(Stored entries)
━━━━━━━━━━━━━━━━━━━━━━━━━━━━━━
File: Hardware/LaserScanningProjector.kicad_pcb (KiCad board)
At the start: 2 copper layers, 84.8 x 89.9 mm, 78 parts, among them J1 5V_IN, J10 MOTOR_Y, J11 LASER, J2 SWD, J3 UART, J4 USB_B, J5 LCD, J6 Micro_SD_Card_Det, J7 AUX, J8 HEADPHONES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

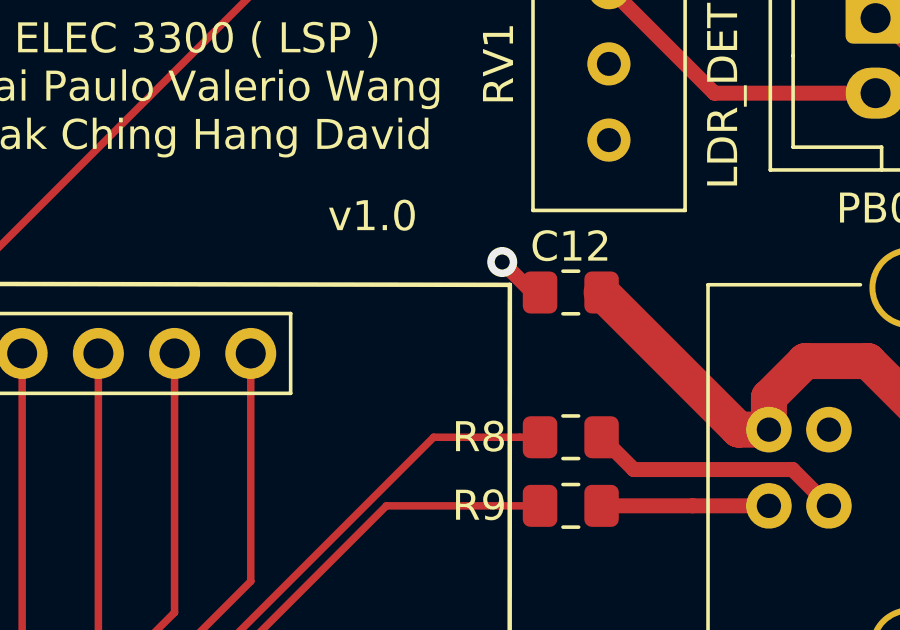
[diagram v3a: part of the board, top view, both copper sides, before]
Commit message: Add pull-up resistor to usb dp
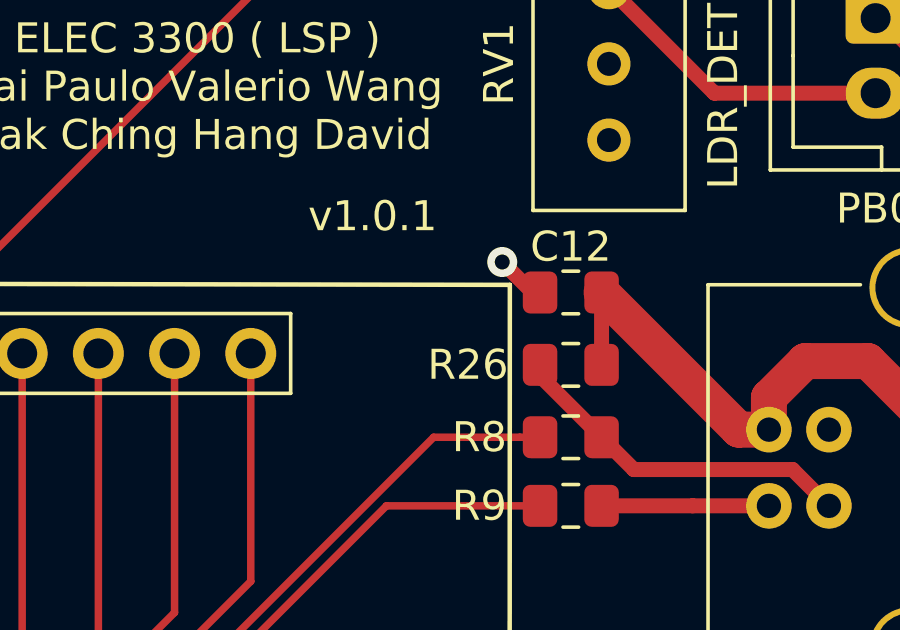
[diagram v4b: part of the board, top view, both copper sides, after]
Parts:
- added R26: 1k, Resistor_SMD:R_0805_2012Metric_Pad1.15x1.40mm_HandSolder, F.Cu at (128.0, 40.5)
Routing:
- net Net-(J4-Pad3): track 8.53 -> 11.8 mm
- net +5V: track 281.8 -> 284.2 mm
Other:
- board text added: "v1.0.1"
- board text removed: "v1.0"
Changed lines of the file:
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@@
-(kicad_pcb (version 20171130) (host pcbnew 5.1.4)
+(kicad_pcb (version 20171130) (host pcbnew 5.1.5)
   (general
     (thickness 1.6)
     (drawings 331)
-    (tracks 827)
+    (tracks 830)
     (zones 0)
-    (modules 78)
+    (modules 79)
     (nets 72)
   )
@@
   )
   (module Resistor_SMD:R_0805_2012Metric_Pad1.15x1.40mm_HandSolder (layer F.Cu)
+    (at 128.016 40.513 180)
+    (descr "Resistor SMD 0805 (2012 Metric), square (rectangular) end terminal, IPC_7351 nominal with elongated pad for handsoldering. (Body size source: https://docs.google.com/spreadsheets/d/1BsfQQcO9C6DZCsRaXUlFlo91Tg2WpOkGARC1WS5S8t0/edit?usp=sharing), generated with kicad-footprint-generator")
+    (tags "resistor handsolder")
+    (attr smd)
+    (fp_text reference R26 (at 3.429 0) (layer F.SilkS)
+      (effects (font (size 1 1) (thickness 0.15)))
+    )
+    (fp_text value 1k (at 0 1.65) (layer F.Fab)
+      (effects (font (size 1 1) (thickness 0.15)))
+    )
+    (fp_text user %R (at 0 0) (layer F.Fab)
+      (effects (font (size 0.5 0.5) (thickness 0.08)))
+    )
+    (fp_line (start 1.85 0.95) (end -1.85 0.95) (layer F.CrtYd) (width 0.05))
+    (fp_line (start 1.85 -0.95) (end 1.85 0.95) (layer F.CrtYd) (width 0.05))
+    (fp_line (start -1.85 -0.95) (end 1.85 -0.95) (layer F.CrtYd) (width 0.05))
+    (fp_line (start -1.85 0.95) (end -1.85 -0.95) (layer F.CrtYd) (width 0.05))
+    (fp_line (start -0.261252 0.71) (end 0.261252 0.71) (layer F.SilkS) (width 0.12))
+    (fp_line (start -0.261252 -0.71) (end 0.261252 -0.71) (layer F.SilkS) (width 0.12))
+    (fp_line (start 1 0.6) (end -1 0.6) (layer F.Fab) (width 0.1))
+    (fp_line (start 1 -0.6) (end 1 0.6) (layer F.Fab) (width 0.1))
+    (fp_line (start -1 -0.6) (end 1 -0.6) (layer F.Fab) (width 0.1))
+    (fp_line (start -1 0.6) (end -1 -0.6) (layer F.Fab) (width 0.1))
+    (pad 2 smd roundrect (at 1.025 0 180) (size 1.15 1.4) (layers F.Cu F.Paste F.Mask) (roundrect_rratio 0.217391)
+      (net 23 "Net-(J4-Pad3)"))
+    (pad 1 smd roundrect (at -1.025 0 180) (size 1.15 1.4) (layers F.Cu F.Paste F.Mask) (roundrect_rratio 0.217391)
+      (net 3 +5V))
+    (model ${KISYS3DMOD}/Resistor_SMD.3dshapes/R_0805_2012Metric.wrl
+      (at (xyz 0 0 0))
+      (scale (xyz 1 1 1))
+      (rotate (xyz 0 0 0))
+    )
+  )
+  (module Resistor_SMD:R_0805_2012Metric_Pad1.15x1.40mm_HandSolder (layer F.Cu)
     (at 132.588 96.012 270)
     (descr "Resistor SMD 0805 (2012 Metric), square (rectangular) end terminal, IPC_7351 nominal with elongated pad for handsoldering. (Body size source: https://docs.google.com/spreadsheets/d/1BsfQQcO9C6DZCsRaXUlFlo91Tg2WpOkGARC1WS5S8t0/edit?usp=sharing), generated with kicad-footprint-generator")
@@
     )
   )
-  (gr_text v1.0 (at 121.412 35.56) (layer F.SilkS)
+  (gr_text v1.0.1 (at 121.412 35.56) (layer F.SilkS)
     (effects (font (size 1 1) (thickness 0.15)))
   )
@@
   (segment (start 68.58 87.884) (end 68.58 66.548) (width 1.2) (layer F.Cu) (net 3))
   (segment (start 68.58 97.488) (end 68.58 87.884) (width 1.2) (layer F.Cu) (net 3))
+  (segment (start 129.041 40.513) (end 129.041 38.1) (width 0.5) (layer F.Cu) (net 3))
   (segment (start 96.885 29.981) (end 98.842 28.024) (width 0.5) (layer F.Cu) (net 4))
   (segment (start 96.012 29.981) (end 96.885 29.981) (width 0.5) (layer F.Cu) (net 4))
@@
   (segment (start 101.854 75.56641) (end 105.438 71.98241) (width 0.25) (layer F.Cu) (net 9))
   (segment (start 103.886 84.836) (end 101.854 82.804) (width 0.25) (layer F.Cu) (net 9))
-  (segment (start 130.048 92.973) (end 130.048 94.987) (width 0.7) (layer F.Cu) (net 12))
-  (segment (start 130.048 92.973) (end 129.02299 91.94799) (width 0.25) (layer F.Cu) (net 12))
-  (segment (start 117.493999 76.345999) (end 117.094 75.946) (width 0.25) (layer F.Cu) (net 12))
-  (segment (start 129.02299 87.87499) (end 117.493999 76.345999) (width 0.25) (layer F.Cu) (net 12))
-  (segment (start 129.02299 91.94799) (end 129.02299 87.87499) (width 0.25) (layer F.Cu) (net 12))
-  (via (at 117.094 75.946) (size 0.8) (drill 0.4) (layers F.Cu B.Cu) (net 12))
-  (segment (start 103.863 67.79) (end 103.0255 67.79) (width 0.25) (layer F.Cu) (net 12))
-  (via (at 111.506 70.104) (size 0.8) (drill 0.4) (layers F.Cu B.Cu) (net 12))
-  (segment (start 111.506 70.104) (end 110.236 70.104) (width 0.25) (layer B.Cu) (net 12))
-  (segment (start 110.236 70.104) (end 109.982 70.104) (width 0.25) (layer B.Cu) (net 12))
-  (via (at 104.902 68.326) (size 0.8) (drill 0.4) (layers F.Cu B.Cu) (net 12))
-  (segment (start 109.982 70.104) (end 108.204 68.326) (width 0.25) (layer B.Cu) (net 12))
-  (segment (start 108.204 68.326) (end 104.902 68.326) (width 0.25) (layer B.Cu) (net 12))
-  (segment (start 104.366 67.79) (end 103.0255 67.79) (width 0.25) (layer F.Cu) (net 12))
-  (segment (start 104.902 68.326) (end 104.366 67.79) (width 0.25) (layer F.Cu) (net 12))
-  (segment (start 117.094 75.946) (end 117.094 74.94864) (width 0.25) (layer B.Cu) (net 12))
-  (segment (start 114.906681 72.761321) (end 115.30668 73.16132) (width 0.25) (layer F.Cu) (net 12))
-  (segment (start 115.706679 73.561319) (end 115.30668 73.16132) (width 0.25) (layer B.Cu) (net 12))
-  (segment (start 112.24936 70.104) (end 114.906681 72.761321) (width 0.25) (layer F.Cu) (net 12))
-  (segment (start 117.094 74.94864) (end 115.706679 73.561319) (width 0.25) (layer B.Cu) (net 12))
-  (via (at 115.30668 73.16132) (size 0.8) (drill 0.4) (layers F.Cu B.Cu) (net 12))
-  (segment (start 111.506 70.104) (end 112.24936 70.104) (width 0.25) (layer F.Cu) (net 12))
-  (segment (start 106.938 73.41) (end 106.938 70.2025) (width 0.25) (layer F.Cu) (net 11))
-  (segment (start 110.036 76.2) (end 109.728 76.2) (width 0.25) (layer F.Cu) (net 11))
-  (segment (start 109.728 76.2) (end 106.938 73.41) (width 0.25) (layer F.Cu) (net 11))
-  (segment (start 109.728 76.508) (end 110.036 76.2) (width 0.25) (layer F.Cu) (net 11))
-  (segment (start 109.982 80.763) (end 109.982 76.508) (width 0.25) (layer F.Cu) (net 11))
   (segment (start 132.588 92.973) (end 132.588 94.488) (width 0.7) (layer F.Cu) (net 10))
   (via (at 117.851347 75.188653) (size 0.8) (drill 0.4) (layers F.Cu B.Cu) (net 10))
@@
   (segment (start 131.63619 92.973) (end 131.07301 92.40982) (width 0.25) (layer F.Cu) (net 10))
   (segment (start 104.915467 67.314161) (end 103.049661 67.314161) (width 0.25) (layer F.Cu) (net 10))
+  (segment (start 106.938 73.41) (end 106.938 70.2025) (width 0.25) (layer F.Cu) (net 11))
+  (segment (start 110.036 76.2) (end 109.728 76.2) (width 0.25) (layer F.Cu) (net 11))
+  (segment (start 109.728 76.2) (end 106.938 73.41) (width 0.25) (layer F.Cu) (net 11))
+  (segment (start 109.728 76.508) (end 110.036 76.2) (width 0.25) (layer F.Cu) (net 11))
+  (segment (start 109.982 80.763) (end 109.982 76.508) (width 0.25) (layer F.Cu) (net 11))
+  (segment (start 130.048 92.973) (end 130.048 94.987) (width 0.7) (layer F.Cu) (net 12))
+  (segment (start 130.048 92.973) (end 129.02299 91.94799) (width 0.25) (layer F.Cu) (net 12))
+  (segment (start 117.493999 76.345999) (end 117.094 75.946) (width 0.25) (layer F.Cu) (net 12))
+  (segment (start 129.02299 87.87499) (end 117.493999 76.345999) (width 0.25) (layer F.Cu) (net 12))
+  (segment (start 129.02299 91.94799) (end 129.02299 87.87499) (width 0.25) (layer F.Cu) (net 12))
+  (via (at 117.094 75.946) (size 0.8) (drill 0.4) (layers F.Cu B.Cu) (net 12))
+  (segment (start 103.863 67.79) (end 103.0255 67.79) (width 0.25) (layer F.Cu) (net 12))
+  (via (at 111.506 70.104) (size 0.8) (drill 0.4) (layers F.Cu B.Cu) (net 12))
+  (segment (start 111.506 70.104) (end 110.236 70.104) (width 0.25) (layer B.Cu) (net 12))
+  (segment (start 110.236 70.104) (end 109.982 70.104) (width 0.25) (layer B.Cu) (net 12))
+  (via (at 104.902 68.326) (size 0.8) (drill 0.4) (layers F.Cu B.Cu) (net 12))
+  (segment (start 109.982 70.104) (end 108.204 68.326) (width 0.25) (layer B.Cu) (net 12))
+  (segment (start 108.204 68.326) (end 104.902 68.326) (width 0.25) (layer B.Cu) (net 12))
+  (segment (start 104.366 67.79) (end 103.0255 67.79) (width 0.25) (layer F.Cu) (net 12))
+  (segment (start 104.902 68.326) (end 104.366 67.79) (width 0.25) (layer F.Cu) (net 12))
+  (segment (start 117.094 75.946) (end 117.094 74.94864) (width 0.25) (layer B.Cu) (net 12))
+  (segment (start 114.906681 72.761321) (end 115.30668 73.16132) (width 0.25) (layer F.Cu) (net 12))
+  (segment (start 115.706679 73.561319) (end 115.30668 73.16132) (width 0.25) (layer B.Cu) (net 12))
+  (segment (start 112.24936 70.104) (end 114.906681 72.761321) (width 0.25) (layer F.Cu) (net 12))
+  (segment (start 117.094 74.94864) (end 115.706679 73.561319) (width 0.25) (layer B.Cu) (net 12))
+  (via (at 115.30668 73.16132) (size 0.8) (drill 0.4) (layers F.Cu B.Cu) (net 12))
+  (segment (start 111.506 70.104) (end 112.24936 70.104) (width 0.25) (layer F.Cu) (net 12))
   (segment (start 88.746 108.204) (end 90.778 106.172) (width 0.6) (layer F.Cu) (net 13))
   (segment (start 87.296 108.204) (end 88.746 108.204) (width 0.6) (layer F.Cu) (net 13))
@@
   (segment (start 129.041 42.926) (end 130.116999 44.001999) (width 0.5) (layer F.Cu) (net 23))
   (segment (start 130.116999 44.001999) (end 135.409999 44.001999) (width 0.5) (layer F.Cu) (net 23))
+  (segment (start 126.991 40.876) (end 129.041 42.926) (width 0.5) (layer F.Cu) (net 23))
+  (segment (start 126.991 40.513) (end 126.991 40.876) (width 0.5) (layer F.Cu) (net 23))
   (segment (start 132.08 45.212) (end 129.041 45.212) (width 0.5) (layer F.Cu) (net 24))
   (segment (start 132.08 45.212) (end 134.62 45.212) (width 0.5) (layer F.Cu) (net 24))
━━━━━━━━━━━━━━━━━━━━━━━━━━━━━━
▶ [About this task]:
Taking the line with "-0.71) (layer F.SilkS) (width 0.12))" as the first and the line with "(end 1 0.6) (layer F.Fab) (width 0.1))" as the last, retype that stretch of the data above exactly, with no other lines.

▶ [Task result]:
+    (fp_line (start -0.261252 -0.71) (end 0.261252 -0.71) (layer F.SilkS) (width 0.12))
+    (fp_line (start 1 0.6) (end -1 0.6) (layer F.Fab) (width 0.1))
+    (fp_line (start 1 -0.6) (end 1 0.6) (layer F.Fab) (width 0.1))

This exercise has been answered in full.